» EXERCISE GOAL
From the line with "#79=VERTEX_POINT('',#78);" to the line with "#113=ORIENTED_EDGE('',*,*,#112,.F.);", retype every line exactly, including those two, and leave out the rest of the data below.

» STUDY MATERIAL

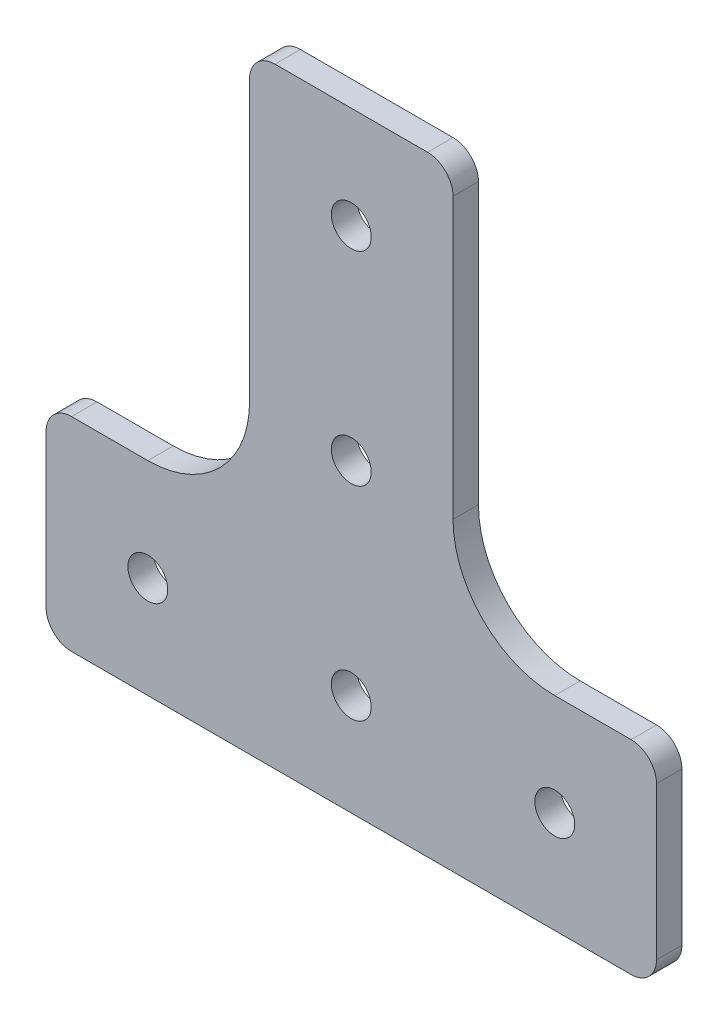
ISO-10303-21;
HEADER;
FILE_DESCRIPTION(('STEP AP214'),'2;1');
FILE_NAME('part.step','',(''),(''),'','','');
FILE_SCHEMA(('AUTOMOTIVE_DESIGN { 1 0 10303 214 1 1 1 1 }'));
ENDSEC;
DATA;
#1=APPLICATION_CONTEXT('core data for automotive mechanical design processes');
#2=APPLICATION_PROTOCOL_DEFINITION('international standard','automotive_design',2000,#1);
#3=PRODUCT_CONTEXT('',#1,'mechanical');
#4=PRODUCT('Part','Part','',(#3));
#5=PRODUCT_RELATED_PRODUCT_CATEGORY('part','',(#4));
#6=PRODUCT_DEFINITION_FORMATION('','',#4);
#7=PRODUCT_DEFINITION_CONTEXT('part definition',#1,'design');
#8=PRODUCT_DEFINITION('design','',#6,#7);
#9=PRODUCT_DEFINITION_SHAPE('','',#8);
#10=(LENGTH_UNIT() NAMED_UNIT(*) SI_UNIT(.MILLI.,.METRE.));
#11=(NAMED_UNIT(*) PLANE_ANGLE_UNIT() SI_UNIT($,.RADIAN.));
#12=(NAMED_UNIT(*) SI_UNIT($,.STERADIAN.) SOLID_ANGLE_UNIT());
#13=UNCERTAINTY_MEASURE_WITH_UNIT(LENGTH_MEASURE(1.E-05),#10,'distance_accuracy_value','');
#14=(GEOMETRIC_REPRESENTATION_CONTEXT(3) GLOBAL_UNCERTAINTY_ASSIGNED_CONTEXT((#13)) GLOBAL_UNIT_ASSIGNED_CONTEXT((#10,
#11,#12)) REPRESENTATION_CONTEXT('',''));
#15=CARTESIAN_POINT('',(0.,0.,0.));
#16=DIRECTION('',(0.,0.,1.));
#17=DIRECTION('',(1.,0.,0.));
#18=AXIS2_PLACEMENT_3D('',#15,#16,#17);
#19=CARTESIAN_POINT('',(-38.1,0.,3.175));
#20=DIRECTION('',(1.,0.,0.));
#21=DIRECTION('',(0.,1.,0.));
#22=AXIS2_PLACEMENT_3D('',#19,#20,#21);
#23=PLANE('',#22);
#24=DIRECTION('',(0.,-1.,0.));
#25=VECTOR('',#24,1.);
#26=CARTESIAN_POINT('',(-38.1,0.,0.));
#27=LINE('',#26,#25);
#28=CARTESIAN_POINT('',(-38.1,22.225,0.));
#29=VERTEX_POINT('',#28);
#30=CARTESIAN_POINT('',(-38.1,3.175,0.));
#31=VERTEX_POINT('',#30);
#32=EDGE_CURVE('E177',#29,#31,#27,.T.);
#33=ORIENTED_EDGE('',*,*,#32,.T.);
#34=DIRECTION('',(0.,0.,-1.));
#35=VECTOR('',#34,1.);
#36=CARTESIAN_POINT('',(-38.1,3.175,3.175));
#37=LINE('',#36,#35);
#38=CARTESIAN_POINT('',(-38.1,3.175,3.175));
#39=VERTEX_POINT('',#38);
#40=EDGE_CURVE('E156',#31,#39,#37,.F.);
#41=ORIENTED_EDGE('',*,*,#40,.T.);
#42=DIRECTION('',(0.,-1.,0.));
#43=VECTOR('',#42,1.);
#44=CARTESIAN_POINT('',(-38.1,0.,3.175));
#45=LINE('',#44,#43);
#46=CARTESIAN_POINT('',(-38.1,22.225,3.175));
#47=VERTEX_POINT('',#46);
#48=EDGE_CURVE('E197',#47,#39,#45,.T.);
#49=ORIENTED_EDGE('',*,*,#48,.F.);
#50=DIRECTION('',(0.,0.,-1.));
#51=VECTOR('',#50,1.);
#52=CARTESIAN_POINT('',(-38.1,22.225,3.175));
#53=LINE('',#52,#51);
#54=EDGE_CURVE('E160',#47,#29,#53,.T.);
#55=ORIENTED_EDGE('',*,*,#54,.T.);
#56=EDGE_LOOP('',(#33,#41,#49,#55));
#57=FACE_BOUND('',#56,.T.);
#58=ADVANCED_FACE('F38',(#57),#23,.F.);
#59=CARTESIAN_POINT('',(-38.1,0.,3.175));
#60=DIRECTION('',(0.,1.,0.));
#61=DIRECTION('',(-1.,0.,0.));
#62=AXIS2_PLACEMENT_3D('',#59,#60,#61);
#63=PLANE('',#62);
#64=DIRECTION('',(1.,0.,0.));
#65=VECTOR('',#64,1.);
#66=CARTESIAN_POINT('',(-38.1,0.,3.175));
#67=LINE('',#66,#65);
#68=CARTESIAN_POINT('',(-34.925,0.,3.175));
#69=VERTEX_POINT('',#68);
#70=CARTESIAN_POINT('',(34.925,0.,3.175));
#71=VERTEX_POINT('',#70);
#72=EDGE_CURVE('E170',#69,#71,#67,.T.);
#73=ORIENTED_EDGE('',*,*,#72,.F.);
#74=DIRECTION('',(0.,0.,-1.));
#75=VECTOR('',#74,1.);
#76=CARTESIAN_POINT('',(-34.925,0.,3.175));
#77=LINE('',#76,#75);
#78=CARTESIAN_POINT('',(-34.925,0.,0.));
#79=VERTEX_POINT('',#78);
#80=EDGE_CURVE('E155',#69,#79,#77,.T.);
#81=ORIENTED_EDGE('',*,*,#80,.T.);
#82=DIRECTION('',(1.,0.,0.));
#83=VECTOR('',#82,1.);
#84=CARTESIAN_POINT('',(-38.1,0.,0.));
#85=LINE('',#84,#83);
#86=CARTESIAN_POINT('',(34.925,0.,0.));
#87=VERTEX_POINT('',#86);
#88=EDGE_CURVE('E167',#79,#87,#85,.T.);
#89=ORIENTED_EDGE('',*,*,#88,.T.);
#90=DIRECTION('',(0.,0.,-1.));
#91=VECTOR('',#90,1.);
#92=CARTESIAN_POINT('',(34.925,0.,3.175));
#93=LINE('',#92,#91);
#94=EDGE_CURVE('E172',#87,#71,#93,.F.);
#95=ORIENTED_EDGE('',*,*,#94,.T.);
#96=EDGE_LOOP('',(#73,#81,#89,#95));
#97=FACE_BOUND('',#96,.T.);
#98=ADVANCED_FACE('F166',(#97),#63,.F.);
#99=CARTESIAN_POINT('',(38.1,25.4,3.175));
#100=DIRECTION('',(-1.,0.,0.));
#101=DIRECTION('',(0.,0.,1.));
#102=AXIS2_PLACEMENT_3D('',#99,#100,#101);
#103=PLANE('',#102);
#104=DIRECTION('',(0.,1.,0.));
#105=VECTOR('',#104,1.);
#106=CARTESIAN_POINT('',(38.1,25.4,3.175));
#107=LINE('',#106,#105);
#108=CARTESIAN_POINT('',(38.1,3.17500000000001,3.175));
#109=VERTEX_POINT('',#108);
#110=CARTESIAN_POINT('',(38.1,22.225,3.175));
#111=VERTEX_POINT('',#110);
#112=EDGE_CURVE('E292',#109,#111,#107,.T.);
#113=ORIENTED_EDGE('',*,*,#112,.F.);
#114=DIRECTION('',(0.,0.,-1.));
#115=VECTOR('',#114,1.);
#116=CARTESIAN_POINT('',(38.1,3.17500000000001,3.175));
#117=LINE('',#116,#115);
#118=CARTESIAN_POINT('',(38.1,3.17500000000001,0.));
#119=VERTEX_POINT('',#118);
#120=EDGE_CURVE('E227',#109,#119,#117,.T.);
#121=ORIENTED_EDGE('',*,*,#120,.T.);
#122=DIRECTION('',(0.,1.,0.));
#123=VECTOR('',#122,1.);
#124=CARTESIAN_POINT('',(38.1,25.4,0.));
#125=LINE('',#124,#123);
#126=CARTESIAN_POINT('',(38.1,22.225,0.));
#127=VERTEX_POINT('',#126);
#128=EDGE_CURVE('E176',#119,#127,#125,.T.);
#129=ORIENTED_EDGE('',*,*,#128,.T.);
#130=DIRECTION('',(0.,0.,-1.));
#131=VECTOR('',#130,1.);
#132=CARTESIAN_POINT('',(38.1,22.225,3.175));
#133=LINE('',#132,#131);
#134=EDGE_CURVE('E225',#127,#111,#133,.F.);
#135=ORIENTED_EDGE('',*,*,#134,.T.);
#136=EDGE_LOOP('',(#113,#121,#129,#135));
#137=FACE_BOUND('',#136,.T.);
#138=ADVANCED_FACE('F289',(#137),#103,.F.);
#139=CARTESIAN_POINT('',(12.7,25.4,3.175));
#140=DIRECTION('',(0.,-1.,0.));
#141=DIRECTION('',(1.,0.,0.));
#142=AXIS2_PLACEMENT_3D('',#139,#140,#141);
#143=PLANE('',#142);
#144=DIRECTION('',(-1.,0.,0.));
#145=VECTOR('',#144,1.);
#146=CARTESIAN_POINT('',(12.7,25.4,0.));
#147=LINE('',#146,#145);
#148=CARTESIAN_POINT('',(34.925,25.4,0.));
#149=VERTEX_POINT('',#148);
#150=CARTESIAN_POINT('',(25.4,25.4,0.));
#151=VERTEX_POINT('',#150);
#152=EDGE_CURVE('E180',#149,#151,#147,.T.);
#153=ORIENTED_EDGE('',*,*,#152,.T.);
#154=DIRECTION('',(0.,0.,-1.));
#155=VECTOR('',#154,1.);
#156=CARTESIAN_POINT('',(25.4,25.4,3.175));
#157=LINE('',#156,#155);
#158=CARTESIAN_POINT('',(25.4,25.4,3.175));
#159=VERTEX_POINT('',#158);
#160=EDGE_CURVE('E250',#151,#159,#157,.F.);
#161=ORIENTED_EDGE('',*,*,#160,.T.);
#162=DIRECTION('',(-1.,0.,0.));
#163=VECTOR('',#162,1.);
#164=CARTESIAN_POINT('',(12.7,25.4,3.175));
#165=LINE('',#164,#163);
#166=CARTESIAN_POINT('',(34.925,25.4,3.175));
#167=VERTEX_POINT('',#166);
#168=EDGE_CURVE('E267',#167,#159,#165,.T.);
#169=ORIENTED_EDGE('',*,*,#168,.F.);
#170=DIRECTION('',(0.,0.,-1.));
#171=VECTOR('',#170,1.);
#172=CARTESIAN_POINT('',(34.925,25.4,3.175));
#173=LINE('',#172,#171);
#174=EDGE_CURVE('E230',#167,#149,#173,.T.);
#175=ORIENTED_EDGE('',*,*,#174,.T.);
#176=EDGE_LOOP('',(#153,#161,#169,#175));
#177=FACE_BOUND('',#176,.T.);
#178=ADVANCED_FACE('F281',(#177),#143,.F.);
#179=CARTESIAN_POINT('',(12.7,76.2,3.175));
#180=DIRECTION('',(-1.,0.,0.));
#181=DIRECTION('',(0.,0.,1.));
#182=AXIS2_PLACEMENT_3D('',#179,#180,#181);
#183=PLANE('',#182);
#184=DIRECTION('',(0.,1.,0.));
#185=VECTOR('',#184,1.);
#186=CARTESIAN_POINT('',(12.7,76.2,3.175));
#187=LINE('',#186,#185);
#188=CARTESIAN_POINT('',(12.7,38.1,3.175));
#189=VERTEX_POINT('',#188);
#190=CARTESIAN_POINT('',(12.7,73.025,3.175));
#191=VERTEX_POINT('',#190);
#192=EDGE_CURVE('E265',#189,#191,#187,.T.);
#193=ORIENTED_EDGE('',*,*,#192,.F.);
#194=DIRECTION('',(0.,0.,-1.));
#195=VECTOR('',#194,1.);
#196=CARTESIAN_POINT('',(12.7,38.1,0.));
#197=LINE('',#196,#195);
#198=CARTESIAN_POINT('',(12.7,38.1,0.));
#199=VERTEX_POINT('',#198);
#200=EDGE_CURVE('E247',#189,#199,#197,.T.);
#201=ORIENTED_EDGE('',*,*,#200,.T.);
#202=DIRECTION('',(0.,1.,0.));
#203=VECTOR('',#202,1.);
#204=CARTESIAN_POINT('',(12.7,76.2,0.));
#205=LINE('',#204,#203);
#206=CARTESIAN_POINT('',(12.7,73.025,0.));
#207=VERTEX_POINT('',#206);
#208=EDGE_CURVE('E188',#199,#207,#205,.T.);
#209=ORIENTED_EDGE('',*,*,#208,.T.);
#210=DIRECTION('',(0.,0.,-1.));
#211=VECTOR('',#210,1.);
#212=CARTESIAN_POINT('',(12.7,73.025,3.175));
#213=LINE('',#212,#211);
#214=EDGE_CURVE('E238',#207,#191,#213,.F.);
#215=ORIENTED_EDGE('',*,*,#214,.T.);
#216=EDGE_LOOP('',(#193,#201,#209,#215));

» PROBLEM SOLUTION
#79=VERTEX_POINT('',#78);
#80=EDGE_CURVE('E155',#69,#79,#77,.T.);
#81=ORIENTED_EDGE('',*,*,#80,.T.);
#82=DIRECTION('',(1.,0.,0.));
#83=VECTOR('',#82,1.);
#84=CARTESIAN_POINT('',(-38.1,0.,0.));
#85=LINE('',#84,#83);
#86=CARTESIAN_POINT('',(34.925,0.,0.));
#87=VERTEX_POINT('',#86);
#88=EDGE_CURVE('E167',#79,#87,#85,.T.);
#89=ORIENTED_EDGE('',*,*,#88,.T.);
#90=DIRECTION('',(0.,0.,-1.));
#91=VECTOR('',#90,1.);
#92=CARTESIAN_POINT('',(34.925,0.,3.175));
#93=LINE('',#92,#91);
#94=EDGE_CURVE('E172',#87,#71,#93,.F.);
#95=ORIENTED_EDGE('',*,*,#94,.T.);
#96=EDGE_LOOP('',(#73,#81,#89,#95));
#97=FACE_BOUND('',#96,.T.);
#98=ADVANCED_FACE('F166',(#97),#63,.F.);
#99=CARTESIAN_POINT('',(38.1,25.4,3.175));
#100=DIRECTION('',(-1.,0.,0.));
#101=DIRECTION('',(0.,0.,1.));
#102=AXIS2_PLACEMENT_3D('',#99,#100,#101);
#103=PLANE('',#102);
#104=DIRECTION('',(0.,1.,0.));
#105=VECTOR('',#104,1.);
#106=CARTESIAN_POINT('',(38.1,25.4,3.175));
#107=LINE('',#106,#105);
#108=CARTESIAN_POINT('',(38.1,3.17500000000001,3.175));
#109=VERTEX_POINT('',#108);
#110=CARTESIAN_POINT('',(38.1,22.225,3.175));
#111=VERTEX_POINT('',#110);
#112=EDGE_CURVE('E292',#109,#111,#107,.T.);
#113=ORIENTED_EDGE('',*,*,#112,.F.);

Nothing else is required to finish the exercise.